Oxygen removal and silicon recovery from polycrystalline silicon kerf loss by combining vacuum magnesium thermal reduction and hydrochloric acid leaching

Abstract

With the strengthened awareness of environmental protection and the growing interests of wastes recycling, silicon recovery from polycrystalline silicon kerf loss (PSKL) has drawn extensive attentions all over the world. In this paper, an efficient and environmental friendly approach for oxygen removal and silicon recovery from PSKL by combining vacuum magnesium thermal reduction (VMTR) and hydrochloric acid leaching was proposed. The effects of temperature, duration and particle size on the reduction of PSKL were investigated thoroughly. It is proved that the amorphous SiO2 in PSKL can be reduced by magnesium vapor at 923 K to generate MgO, and then the produced MgO can be dissolved by hydrochloric acid to eliminate the impurity oxygen. The oxygen removal fraction and the silicon recovery efficiency attained 98.43% and 94.46%, respectively, under the optimal conditions, indicating that a high efficiency recovery of silicon from PSKL was achieved.

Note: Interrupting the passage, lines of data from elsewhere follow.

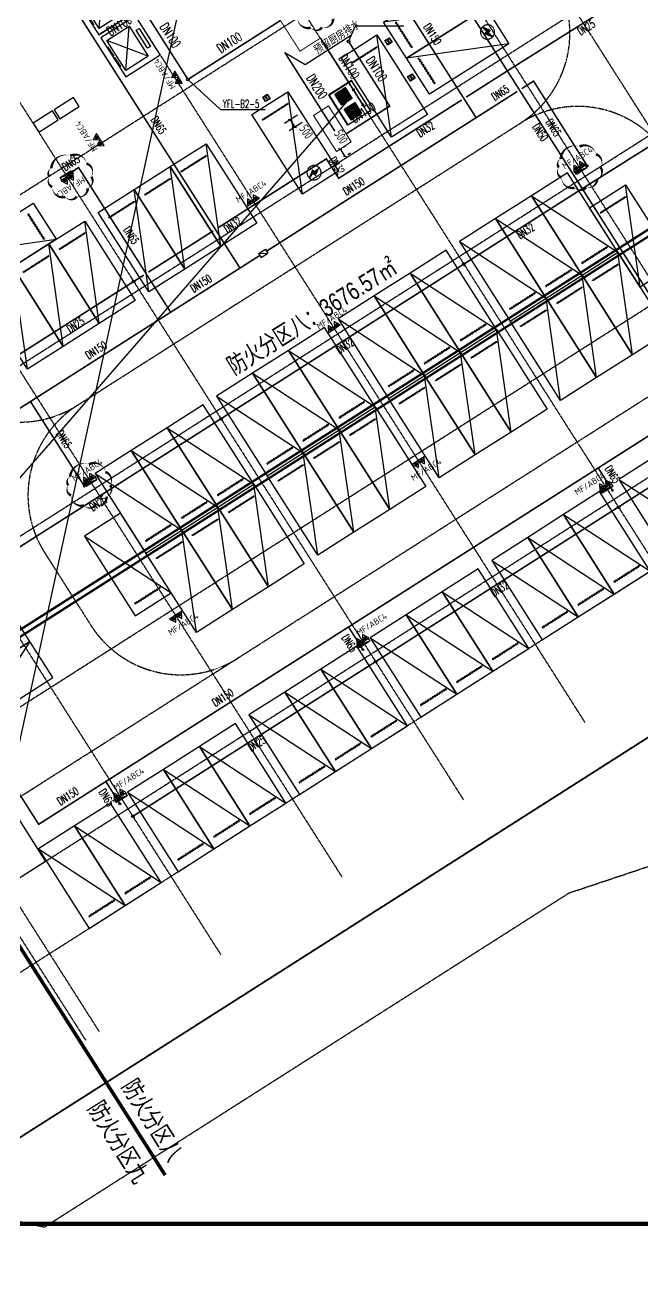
# Model space of a CAD drawing. Extents: x -1466470 to 922624, y -511729 to 590125.
# Drawn here: x -176984 to -142205, y -14968 to 55398 of the extents above; entities that cross this region are included whole.
import ezdxf

# ---------------------------------------------------------------- set-up
doc = ezdxf.new("R2010")
doc.units = 0
doc.header["$LTSCALE"] = 10
doc.header["$MEASUREMENT"] = 0
for name, pattern in [('104-1516 B2核心筒$0$DASH', [0.35, 0.25, -0.1]), ('104-1516 B2核心筒|CENTER', [2, 1.25, -0.25, 0.25, -0.25]), ('X-104 B2平面$0$ACAD_ISO04W100', [30, 24, -3, 0, -3]), ('X-104 B2平面$0$DOTE', [2.42, 2, -0.2, 0.02, -0.2]), ('X-104 B2平面$1$DASH', [0.35, 0.25, -0.1])]:
    doc.linetypes.add(name, pattern=pattern)
doc.layers.add('0-W-设备', color=63, linetype='Continuous', lineweight=0)
for name, color, linetype, plot in [('104-1516 B2核心筒$0$04-不打印_辅助线', 165, 'Continuous', False), ('DIM_MODI', 6, 'Continuous', False), ('X-104 B2平面$0$04-不打印_辅助线', 165, 'Continuous', False), ('X-104 B2平面$0$04-不打印_防火分区', 30, 'Continuous', False), ('X-104 B2平面$0$04-不打印_面积', 5, 'Continuous', False)]:
    doc.layers.add(name, color=color, linetype=linetype, plot=plot)
for name, color, linetype in [('104-1516 B2核心筒$0$A-E_电梯', 171, 'Continuous'), ('104-1516 B2核心筒$0$A-I_车位', 9, 'Continuous'), ('104-1516 B2核心筒$0$A-I_车位-流线', 127, '104-1516 B2核心筒|CENTER'), ('104-1516 B2核心筒$0$A-TECH_结构', 21, 'Continuous'), ('104-1516 B2核心筒$0$car', 8, 'Continuous'), ('104-1516 B2核心筒$0$交流充电桩', 9, 'Continuous'), ('DIM_压力废', 3, 'Continuous'), ('DIM_消防', 3, 'Continuous'), ('EQUIP_消火栓', 7, 'Continuous'), ('EQUIP_消防', 7, 'Continuous'), ('EQUIP_给水', 7, 'Continuous'), ('PIPE-中水', 122, 'TG_Z'), ('PIPE-压力废', 31, 'TG_YF'), ('PIPE-消防', 1, 'Continuous'), ('TEXT_中水', 7, 'Continuous'), ('TEXT_压力废', 7, 'Continuous'), ('TEXT_消防', 7, 'Continuous'), ('TWT_DIM', 3, 'Continuous'), ('VALVE_消防', 7, 'Continuous'), ('VPIPE-中水', 122, 'Continuous'), ('VPIPE-中水中', 124, 'Continuous'), ('VPIPE-压力废', 31, 'Continuous'), ('VPIPE-消防', 1, 'Continuous'), ('X-104 B2平面$0$02-TEXT_房间', 7, 'Continuous'), ('X-104 B2平面$0$A-SUR_看线', 231, 'Continuous'), ('X-104 B2平面$0$A_AXIS-轴线', 9, 'X-104 B2平面$0$DOTE'), ('X-104 B2平面$0$M-用地 红线', 20, 'X-104 B2平面$0$ACAD_ISO04W100'), ('X-104 B2平面$0$VPIPE-消防', 1, 'Continuous'), ('X-104 B2平面$0$集水坑&', 6, 'Continuous'), ('X-104 B2平面$1$集水坑&', 7, 'Continuous')]:
    doc.layers.add(name, color=color, linetype=linetype)
doc.layers.get('X-104 B2平面$0$A-SUR_看线').off()
doc.styles.add('_TCH_DIM_T3', font='ROS1', dxfattribs={"width": 0.8, "bigfont": 'JD'})
doc.styles.add('_TWT_PIPEDN', font='SIMPLEX', dxfattribs={"width": 0.8, "height": 3.5, "bigfont": 'HZTXT'})
doc.styles.add('_TWT_SERIAL', font='COMPLEX', dxfattribs={"width": 0.8, "height": 3.5, "bigfont": 'HZTXT'})
doc.styles.get("Standard").update_dxf_attribs({"font": 'gbenor.shx', "bigfont": 'gbcbig.shx'})
doc.styles.add('TG_LINETYPE', font='romans2.shx', dxfattribs={"width": 0.8, "height": 3, "bigfont": 'hzdf2.shx'})
doc.styles.add('X-104 B2平面$0$Arial', font='arial.ttf', dxfattribs={"width": 0.75, "height": 2.5})
doc.linetypes.add('TG_XH', pattern='A,5,-0.6,["XH",TG_LINETYPE,S=0.1,R=0,X=-0.52,Y=-0.15],0', length=5.6)
doc.linetypes.add('TG_YF', pattern='A,2,-0.6,["YF",TG_LINETYPE,S=0.1,R=0,X=-0.52,Y=-0.15],0', length=2.6)
doc.linetypes.add('TG_Z', pattern='A,2,-0.3,["Z",TG_LINETYPE,S=0.1,R=0,X=-0.23,Y=-0.15],0', length=2.3)
doc.dimstyles.new('_TWT_ARCH&&150', dxfattribs={"dimtxt": 525, "dimasz": 150, "dimexe": 375, "dimexo": 450, "dimgap": 150, "dimtad": 1, "dimdec": 0, "dimzin": 0, "dimdsep": 46, "dimtxsty": '_TCH_DIM_T3', "dimblk": 'ARCHTICK', "dimcen": 0.09, "dimclrt": 7, "dimazin": 2, "dimtfac": 1, "dimtdec": 0, "dimtix": 1, "dimtmove": 2, "dimatfit": 3, "dimfxl": 1, "dimtolj": 1, "dimtzin": 0, "dimarcsym": 0})
pattern_1 = [(180, (350, -250), (-7e-15, -79.375), [])]

# ---------------------------------------------------------------- blocks, each defined once
blk = doc.blocks.new('A-电梯2623')
for p, q in [((-975, 200), (-975, 1700)), ((-975, 1700), (1025, 1700)), ((1025, 1700), (-975, 200)), ((1025, 200), (-975, 1700)), ((-575, 1900), (-575, 2100)), ((-575, 2100), (625, 2100)), ((625, 1900), (-575, 1900)), ((625, 2100), (625, 1900)), ((1025, 1700), (1025, 200)), ((1025, 200), (-975, 200))]:
    blk.add_line(p, q)
for points in [[(-1275, 0), (1325, 0), (1325, 2300), (-1275, 2300)], [(-625, 38), (-625, 59), (-18, 59), (-18, 38)], [(68, 38), (68, 59), (675, 59), (675, 38)]]:
    blk.add_lwpolyline(points, close=True)
blk = doc.blocks.new('104-1516 B2核心筒$0$ysrtr')
at = {"layer": '104-1516 B2核心筒$0$A-TECH_结构'}
for p, q in [((0, -3200), (-2300, -3200)), ((0, -3400), (-2300, -3400))]:
    blk.add_line(p, q, dxfattribs=at)
for points in [[(-8100, -6000), (-6800, -6000), (-6800, -5400), (-8100, -5400)], [(-6700, -6000), (-5400, -6000), (-5400, -5400), (-6700, -5400)]]:
    blk.add_lwpolyline(points, close=True, dxfattribs=at)
at = {"layer": '104-1516 B2核心筒$0$A-E_电梯', "rotation": 270}
for p in [(-2300, -1875), (-2300, -4675)]:
    blk.add_blockref('A-电梯2623', p, dxfattribs=at)
blk = doc.blocks.new('104-1516 B2核心筒$0$jgfd')
blk.add_lwpolyline([(5300, -1200), (0, -1200), (0, 1200), (5300, 1200), (5300, -1200), (0, 1200)])
at = {"linetype": '104-1516 B2核心筒$0$DASH', "ltscale": 0.001}
blk.add_lwpolyline([(550, -850), (550, 850), (600, 850), (600, -850)], close=True, dxfattribs=at)
blk = doc.blocks.new('104-1516 B2核心筒$0$A$C529F39D7')
at = {"layer": '104-1516 B2核心筒$0$car', "linetype": '104-1516 B2核心筒$0$DASH'}
h = blk.add_hatch(color=256, dxfattribs=at)
h.dxf.hatch_style = 1
h.paths.add_polyline_path([(4832, 1296), (4397, 1075), (4630, 1329), (4503, 1444), (4938, 1665), (4706, 1412)])
at = {"layer": '104-1516 B2核心筒$0$car', "linetype": '104-1516 B2核心筒$0$DASH', "elevation": 0}
blk.add_lwpolyline([(4832, 1296), (4397, 1075), (4630, 1329), (4503, 1444), (4938, 1665), (4706, 1412), (4832, 1296)], dxfattribs=at)
at = {"layer": '104-1516 B2核心筒$0$car', "linetype": '104-1516 B2核心筒$0$DASH'}
blk.add_circle((4668, 1370, 0), 400, dxfattribs=at)
at = {"layer": '104-1516 B2核心筒$0$A-I_车位', "xscale": -1, "rotation": 152.5000000001189}
blk.add_blockref('104-1516 B2核心筒$0$jgfd', (554, 3512, 0), dxfattribs=at)
blk = doc.blocks.new('104-1516 B2核心筒$0$A$C3276249F')
at = {"layer": '104-1516 B2核心筒$0$交流充电桩'}
h = blk.add_hatch(color=256, dxfattribs=at)
h.dxf.hatch_style = 1
h.paths.add_polyline_path([(187, 161), (126, 76), (145, 148), (110, 157), (171, 242), (152, 171)])
for points in [[(0, 300), (300, 300), (300, 0), (0, 0)], [(20, 280), (280, 280), (280, 20), (20, 20)]]:
    blk.add_lwpolyline(points, close=True, dxfattribs=at)
blk.add_lwpolyline([(187, 161), (126, 76), (145, 148), (110, 157), (171, 242), (152, 171), (187, 161)], dxfattribs=at)
blk = doc.blocks.new('104-1516 B2核心筒')
at = {"layer": '104-1516 B2核心筒$0$04-不打印_辅助线'}
blk.add_lwpolyline([(16600, 0), (16600, 6400), (19700, 6400), (19700, 0)], close=True, dxfattribs=at)
at = {"layer": '104-1516 B2核心筒$0$A-I_车位-流线', "linetype": '104-1516 B2核心筒|CENTER'}
for p, q in [((70549, 30880), (70549, 9825)), ((34982, 20675), (64549, 20675)), ((28982, 14675), (28982, 9825)), ((101186, 3825), (16949, 3825))]:
    blk.add_line(p, q, dxfattribs=at)
for centre, start, end in [((64549, 26675), 270, 360), ((34982, 26675), 215.38411, 270), ((34982, 14675), 90, 180), ((64549, 14675), 360, 90), ((34982, 9825), 180, 270)]:
    blk.add_arc(centre, 6000, start, end, dxfattribs=at)
at = {"layer": '104-1516 B2核心筒$0$A-I_车位'}
for name, p, xscale, rotation in [('104-1516 B2核心筒$0$A$C529F39D7', (62227, 31767, 0), -0.9999999999999998, 152.4999976131462), ('104-1516 B2核心筒$0$A$C529F39D7', (56621, 28070, 0), -0.999999999999999, 62.49999761314631), ('104-1516 B2核心筒$0$A$C529F39D7', (62227, 29367, 0), -0.9999999999999998, 152.4999976131462), ('104-1516 B2核心筒$0$jgfd', (34974, 11600), -1, 269.9999976130331), ('104-1516 B2核心筒$0$jgfd', (37374, 11600), -1, 269.9999976130331), ('104-1516 B2核心筒$0$jgfd', (39774, 11600), -1, 269.9999976130331), ('104-1516 B2核心筒$0$jgfd', (43074, 11600), -1, 269.9999976130331), ('104-1516 B2核心筒$0$jgfd', (45474, 11600), -1, 269.9999976130331), ('104-1516 B2核心筒$0$jgfd', (47874, 11600), -1, 269.9999976130331), ('104-1516 B2核心筒$0$jgfd', (51174, 11600), -1, 269.9999976130331), ('104-1516 B2核心筒$0$jgfd', (53574, 11600), -1, 269.9999976130331), ('104-1516 B2核心筒$0$jgfd', (55974, 11600), -1, 269.9999976130331), ('104-1516 B2核心筒$0$jgfd', (59274, 11600), -1, 269.9999976130331), ('104-1516 B2核心筒$0$jgfd', (61674, 11600), -1, 269.9999976130331), ('104-1516 B2核心筒$0$jgfd', (64074, 11600), -1, 269.9999976130331), ('104-1516 B2核心筒$0$jgfd', (32574, 8950), -1, 269.9999976130331), ('104-1516 B2核心筒$0$jgfd', (20299, 12100), -1, 179.9999976130331), ('104-1516 B2核心筒$0$jgfd', (20299, 9700), -1, 179.9999976130331), ('104-1516 B2核心筒$0$jgfd', (20950, -4500), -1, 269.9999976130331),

Compared to the existing PSKL deoxidation technologies, e.g., the high temperature process and the hydrofluoric acid leaching method, this method requires a relatively lower temperature and the waste acid can be easily recovered. Additionally, by taking into accounts the fact that the MgCl2 in leaching liquor can be recycled for cyclic utilization with a molten salt electrolysis method, it should be suggested that an efficient and environmental friendly process for PSKL recycling was obtained, which shows good prospects for commercial application.